Somewhere in the past he could recall a signal he had once made. It seemed very apt for this moment, for this special man.
‘I will be honoured,’ he said.
* * *
Epilogue
* * *
Richard Bolitho gripped the tasselled strap as the carriage swayed and shuddered into some deep ruts like a small boat in a choppy sea. He felt drained, and every bone in his body was aching from this endless journey. In his tired mind it all seemed to overlay in vague, blurred pictures, from the moment he had stepped ashore at Portsmouth to be whisked immediately to London to make his report.
All the while he had been yearning to get away, to begin the long, long drive from that world to his own West Country. Surrey, Hampshire, Dorset, Devon. He could not remember how many times they had stopped to change horses, how many inns they had visited. Even when he had broken the journey to spend a night in one of the coaching inns the images seemed confused. People who had stared at him, wondering what business was taking him westward but too nervous or polite to ask. The smells of meat puddings and mulled ale, saucy-eyed servant girls, jovial landlords who lived off the coaching trade with far more success than the highwaymen.
Opposite him Allday sprawled across his seat, his bronzed face rested and untroubled in sleep. Like most sailors he could sleep anywhere, if an opportunity offered itself.
It was hard to accept that he was in England after all that happened.
Baratte was dead, and even Tyacke, who had searched the whole area in his Larne, had found no living soul to survive the terrible explosion.
Under jury-rig and nursing their injuries and damage, the ships, including the two French prizes, had crawled back to Cape Town. There, to his astonishment, Bolitho had found fresh orders requiring him to hand over his command to Commodore Keen and return home. They had passed Keen’s convoy on passage but not close enough to communicate. Bolitho’s flag at the fore would tell Keen all he needed to know. The way ahead was clear, and the first military landings on the islands adjoining the main objective, Mauritius, could go ahead.
Bolitho wiped the window with his sleeve. They had made an early start, as they had on most mornings when the road had been a good one. Bare, black trees, wet from overnight mist or rain, the rolling fields and hills beyond. He shivered, and not only with excitement. It was November and the air was bitter.

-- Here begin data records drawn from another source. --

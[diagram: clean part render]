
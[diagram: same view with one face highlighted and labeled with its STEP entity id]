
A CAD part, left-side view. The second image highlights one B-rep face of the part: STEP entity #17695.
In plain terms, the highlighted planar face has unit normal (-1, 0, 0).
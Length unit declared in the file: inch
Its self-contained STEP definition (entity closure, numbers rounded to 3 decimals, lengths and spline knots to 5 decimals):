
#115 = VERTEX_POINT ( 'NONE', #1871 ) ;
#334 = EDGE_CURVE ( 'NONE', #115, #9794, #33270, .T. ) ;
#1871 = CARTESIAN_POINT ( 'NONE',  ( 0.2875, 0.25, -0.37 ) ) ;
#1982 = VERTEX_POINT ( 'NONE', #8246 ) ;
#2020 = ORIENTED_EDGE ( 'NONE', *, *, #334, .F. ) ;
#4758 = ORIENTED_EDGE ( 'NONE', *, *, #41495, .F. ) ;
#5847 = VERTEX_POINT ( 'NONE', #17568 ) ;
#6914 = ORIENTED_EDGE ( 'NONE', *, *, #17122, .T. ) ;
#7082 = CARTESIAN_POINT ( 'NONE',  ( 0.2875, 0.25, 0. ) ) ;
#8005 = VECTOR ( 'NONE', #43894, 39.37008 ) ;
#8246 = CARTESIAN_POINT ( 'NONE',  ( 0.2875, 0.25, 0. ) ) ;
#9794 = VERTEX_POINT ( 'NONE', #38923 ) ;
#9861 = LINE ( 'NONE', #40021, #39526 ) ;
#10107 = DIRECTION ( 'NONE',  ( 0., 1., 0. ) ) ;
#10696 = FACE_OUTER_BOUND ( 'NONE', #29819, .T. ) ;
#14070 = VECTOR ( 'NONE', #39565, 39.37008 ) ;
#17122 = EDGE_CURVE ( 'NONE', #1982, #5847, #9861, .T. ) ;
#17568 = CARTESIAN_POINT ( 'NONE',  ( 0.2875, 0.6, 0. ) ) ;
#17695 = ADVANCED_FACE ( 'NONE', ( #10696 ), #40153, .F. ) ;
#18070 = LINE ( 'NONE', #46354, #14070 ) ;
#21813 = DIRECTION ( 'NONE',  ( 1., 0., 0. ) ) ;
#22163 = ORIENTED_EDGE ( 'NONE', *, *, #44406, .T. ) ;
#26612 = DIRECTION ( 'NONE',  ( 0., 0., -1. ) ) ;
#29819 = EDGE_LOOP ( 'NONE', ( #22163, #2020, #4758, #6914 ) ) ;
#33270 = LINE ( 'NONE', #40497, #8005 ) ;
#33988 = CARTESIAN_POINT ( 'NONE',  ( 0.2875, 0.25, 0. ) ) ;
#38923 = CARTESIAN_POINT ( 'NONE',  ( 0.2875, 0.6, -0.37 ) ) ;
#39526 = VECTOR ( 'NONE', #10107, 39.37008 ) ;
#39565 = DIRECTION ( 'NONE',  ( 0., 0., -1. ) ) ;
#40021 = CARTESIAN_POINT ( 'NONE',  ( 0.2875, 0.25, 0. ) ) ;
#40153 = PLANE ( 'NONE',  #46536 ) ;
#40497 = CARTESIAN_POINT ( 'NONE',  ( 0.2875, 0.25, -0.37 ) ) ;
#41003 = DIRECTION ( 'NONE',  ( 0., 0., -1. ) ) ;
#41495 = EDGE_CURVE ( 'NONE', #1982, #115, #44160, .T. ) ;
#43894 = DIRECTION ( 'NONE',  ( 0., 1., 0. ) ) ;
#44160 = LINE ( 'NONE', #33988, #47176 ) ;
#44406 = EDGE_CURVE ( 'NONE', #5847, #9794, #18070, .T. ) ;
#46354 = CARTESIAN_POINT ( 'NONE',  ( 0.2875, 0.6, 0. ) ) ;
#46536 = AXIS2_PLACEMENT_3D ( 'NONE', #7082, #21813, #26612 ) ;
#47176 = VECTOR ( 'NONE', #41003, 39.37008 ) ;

He thought of the good-byes and the unexpected partings. Lieutenant Urquhart had been left in charge of Valkyrie, supervising the repairs until a new captain was appointed. That was the strangest thing of all, Bolitho thought. Trevenen had vanished on the final night before making their landfall at Good Hope. A twist of fate? Or had he been unable to face the consequences of what he had done when Bolitho had been wounded? He had left no letter, no declaration. The ship had been searched from cable tier to orlop: it had been just as if he had been spirited away.
Or it might have been murder. Either way, the part played by Hamett-Parker in getting Trevenen such an important command might be reopened because of it.
Farewells. Tyacke, grave and strangely sad, able to forget his disfigurement while they had shaken hands: friends or brothers, they were both.
And Adam, whose Anemone had seen the worst of the fighting and had suffered the most casualties. Adam had spoken of them with pride and with a deep sense of loss. Two of his lieutenants had been killed. His voice had been full of unashamed emotion when he had described how they had grappled with the Chacal, which had been flying Baratte’s own flag, and one of his midshipmen, called Dunwoody, had fallen. ‘I had recommended him for early promotion. He will be greatly missed.’